Peneliti Senior Populi Center, Usep Saepul Ahyar, menambahkan jika dilihat dari hasil Pemilu 2024 kemarin hampir mayoritas bahkan dimenangkan oleh parpol-parpol lama. Sudah bisa dipastikan tidak ada parpol baru yang lolos ke senayan, sehingga ini mejadi tantangan sendiri untuk parpol baru, termasuk bagi Anies Baswedan.
“Partai-partai baru itu relatif masih harus berjuang banyak ya. Termasuk PSI, Perindo, kemudian Garuda dan lain sebagainya,” ujar dia saat dihubungi Tirto, Senin (2/9/2024).
Menurut Usep, jika Anies ingin tetap mendirikan parpol harus benar-benar mampu membuat identitas kepartaian yang berbeda dengan partai-partai lama.
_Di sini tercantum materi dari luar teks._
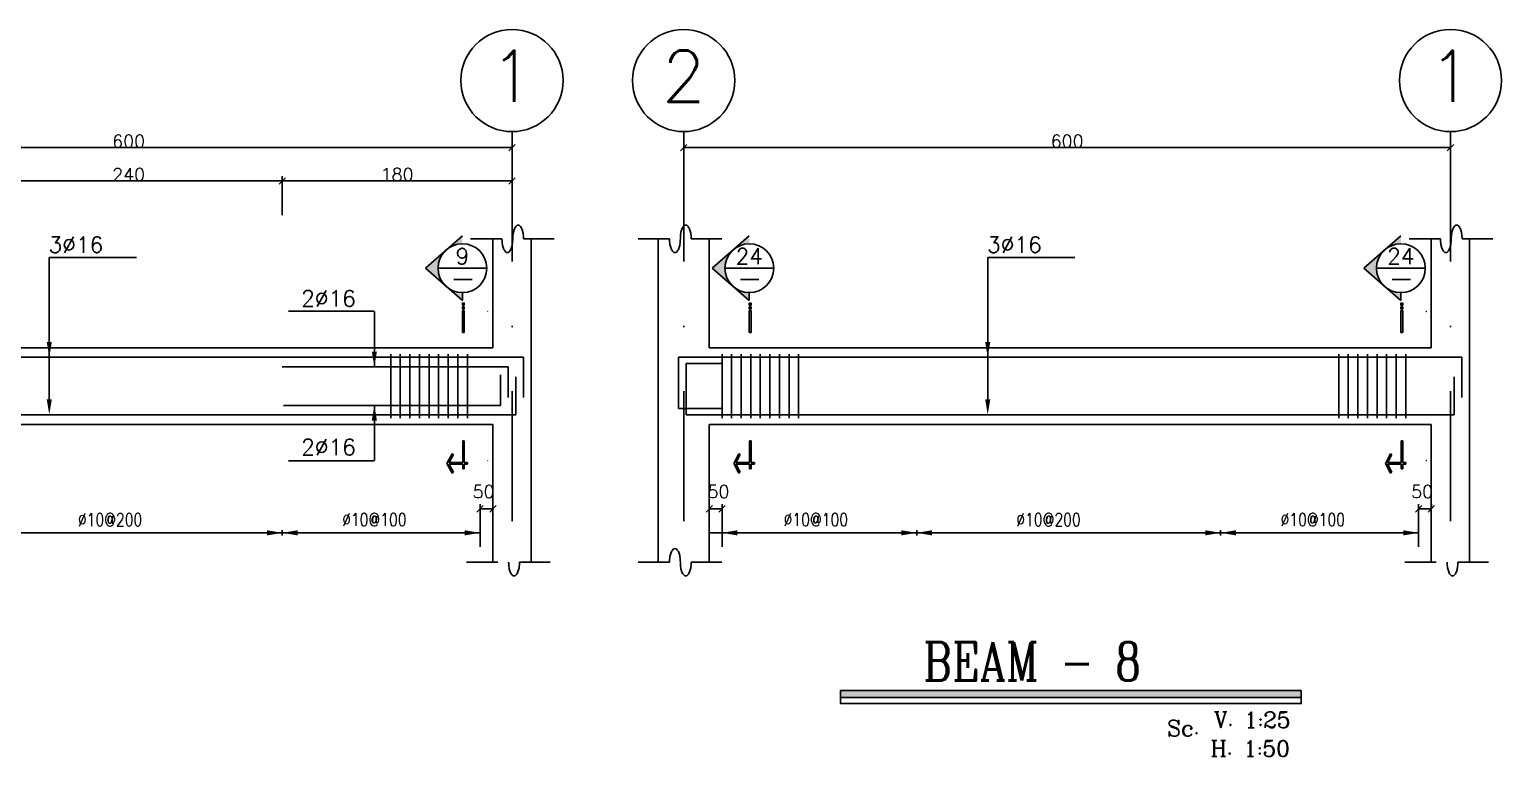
# Model space of a CAD drawing. Header units: millimetres. Extents: x -231 to 30223, y -7037 to 7120.
# Drawn here: x 20061 to 22367, y 2087 to 3226 of the extents above; entities that cross this region are included whole.
import ezdxf
from ezdxf.enums import TextEntityAlignment as Align

# ---------------------------------------------------------------- set-up
doc = ezdxf.new("R2010")
doc.units = ezdxf.units.MM
doc.linetypes.add('DASHDOTX2', pattern=[50.8, 25.4, -12.7, 0, -12.7])
for name, color, linetype in [('2', 2, 'Continuous'), ('3', 3, 'Continuous'), ('44', 150, 'Continuous'), ('5', 7, 'Continuous'), ('ax', 1, 'DASHDOTX2'), ('COV', 4, 'Continuous'), ('DIM', 1, 'Continuous'), ('DST', 1, 'Continuous'), ('HAT', 4, 'Continuous'), ('KH', 3, 'Continuous'), ('STT', 6, 'Continuous'), ('TEX', 4, 'Continuous'), ('TX', 2, 'Continuous'), ('TX1', 3, 'Continuous')]:
    doc.layers.add(name, color=color, linetype=linetype)
doc.styles.add('RC2', font='ROMANC.SHX', dxfattribs={"height": 25})
doc.styles.add('RC5', font='ROMANC.SHX', dxfattribs={"height": 50})
doc.styles.add('ROMANS', font='romans.shx')
doc.dimstyles.new('SC25', dxfattribs={"dimscale": 0.1, "dimtxt": 200, "dimasz": 0.5, "dimexe": 75, "dimexo": 0, "dimgap": 0, "dimtad": 1, "dimdec": 0, "dimlfac": 2.5, "dimdsep": 46, "dimtxsty": 'ROMANS', "dimblk": 'TIC', "dimcen": 0, "dimclrd": 44, "dimclre": 13, "dimclrt": 62, "dimadec": 0, "dimazin": 0, "dimtfac": 0.925926, "dimtdec": 0, "dimtix": 1, "dimtmove": 2, "dimatfit": 3, "dimldrblk": 'TIC', "dimfxl": 1, "dimtolj": 1, "dimarcsym": 0})
doc.dimstyles.new('SC50', dxfattribs={"dimscale": 0.1, "dimtxt": 200, "dimasz": 0.5, "dimexe": 75, "dimexo": 0, "dimgap": 0, "dimtad": 1, "dimdec": 0, "dimlfac": 0.5, "dimdsep": 46, "dimtxsty": 'ROMANS', "dimblk": 'TIC', "dimcen": 0, "dimclrd": 44, "dimclre": 1, "dimclrt": 62, "dimadec": 0, "dimazin": 0, "dimtfac": 0.925926, "dimtdec": 0, "dimtix": 1, "dimtmove": 2, "dimatfit": 3, "dimldrblk": 'TIC', "dimfxl": 1, "dimtolj": 1, "dimarcsym": 0})

# ---------------------------------------------------------------- blocks, each defined once
blk = doc.blocks.new('TIC')
blk.add_line((-100, -100), (100, 100))
blk = doc.blocks.new('*D304')
at = {"layer": 'DIM', "color": 1, "lineweight": -2, "transparency": 16777216}
for p, q in [((21085.6, 3040.5), (21085.6, 3048)), ((22286.6, 3040.5), (22286.6, 3048))]:
    blk.add_line(p, q, dxfattribs=at)
at = {"layer": 'DIM', "color": 44, "lineweight": -2, "transparency": 16777216}
blk.add_line((21085.6, 3040.5), (22286.5, 3040.5), dxfattribs=at)
at = {"layer": 'DIM', "color": 44, "lineweight": -2, "transparency": 16777216, "xscale": 0.05, "yscale": 0.05, "zscale": 0.05, "rotation": 180}
blk.add_blockref('TIC', (21085.6, 3040.5), dxfattribs=at)
at = {"layer": 'DIM', "color": 44, "lineweight": -2, "transparency": 16777216, "xscale": 0.05, "yscale": 0.05, "zscale": 0.05}
blk.add_blockref('TIC', (22286.6, 3040.5), dxfattribs=at)
at = {"layer": 'DIM', "color": 62, "transparency": 16777216, "insert": (21686.1, 3050.5), "char_height": 20, "attachment_point": 5, "style": 'ROMANS'}
blk.add_mtext('\\A1;600', dxfattribs=at)
blk = doc.blocks.new('EEE')
at = {"layer": '5'}
h = blk.add_hatch(color=256, dxfattribs=at)
h.paths.add_polyline_path([(-25.1, 28.8), (-58.1, 0), (-25.1, -28.8, -0.454846)])
h.paths.add_polyline_path([(-25.1, -28.8), (0, -50.6), (0, -38.2, -0.181206)])
h.paths.add_polyline_path([(0, 38.2), (0, 50.6), (-25.1, 28.8, -0.181206)])
h = blk.add_hatch(color=256, dxfattribs=at)
h.paths.add_polyline_path([(2.9, -57.6), (2.9, -54.7), (0, -54.7), (0, -57.6)])
h.paths.add_polyline_path([(0, -63.5), (2.9, -63.5), (2.9, -60.5), (0, -60.5)])
h.paths.add_polyline_path([(2.9, -66.4), (0, -66.4), (0, -100.6), (2.9, -100.6)])
blk.add_hatch(color=256, dxfattribs=at).paths.add_polyline_path([(0.4, -306.8), (0.4, -314.3), (2.9, -314.3), (2.9, -306.8), (8, -306.8), (8, -304.3), (2.9, -304.3), (2.9, -270), (0.4, -270), (0.4, -304.3), (-20.7, -304.3), (-14.1, -291.7), (-16.3, -290.5), (-24.2, -305.6), (-16.3, -320.7), (-14.1, -319.5), (-20.7, -306.8)])
at = {"layer": '2'}
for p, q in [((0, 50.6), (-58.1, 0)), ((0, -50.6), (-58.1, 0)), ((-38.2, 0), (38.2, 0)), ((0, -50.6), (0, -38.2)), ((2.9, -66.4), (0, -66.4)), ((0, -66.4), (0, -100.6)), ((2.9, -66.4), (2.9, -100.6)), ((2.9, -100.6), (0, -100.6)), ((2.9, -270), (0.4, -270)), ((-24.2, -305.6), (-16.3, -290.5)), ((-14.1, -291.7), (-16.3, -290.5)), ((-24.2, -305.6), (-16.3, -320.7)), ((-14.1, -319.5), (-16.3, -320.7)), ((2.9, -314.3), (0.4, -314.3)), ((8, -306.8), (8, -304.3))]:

Jika selama ini dia sering bertumpu pada gagasan atau pemikiran, sudah seharusnya partai politik besutan Anies merumuskan sebuah gagasan politik yang berbeda dengan yang berlaku sekarang, sehingga bisa menarik minat warga.
“Kalau sama aja wataknya itu masyarakat juga ‘ya sudah lah, sebaiknya partai lama’. Tapi kan memang semangatnya perubahan untuk masalah demokrasi, bisa mengambil pembeda itu,” ujar dia.
Sebagai contoh, sumber daya manusia partai yang didirikan Anies nanti diisi oleh orang-orang yang justru tidak puas dengan kinerja Presiden Joko Widodo (Jokowi) dan Prabowo Subianto. Jika orang-orang tersebut diakomodir dalam satu organisasi hingga menjadi pembeda dengan lain.
“Kemarin-kemarin ada semacam partai kayak PSI yang mungkin akan menjadi pembeda. Tapi ternyata layu sebelum berkembang. Dia wataknya ternyata sama aja kan dengan partai-partai yang lama. Ini tantangannya saya kira,” pungkas dia.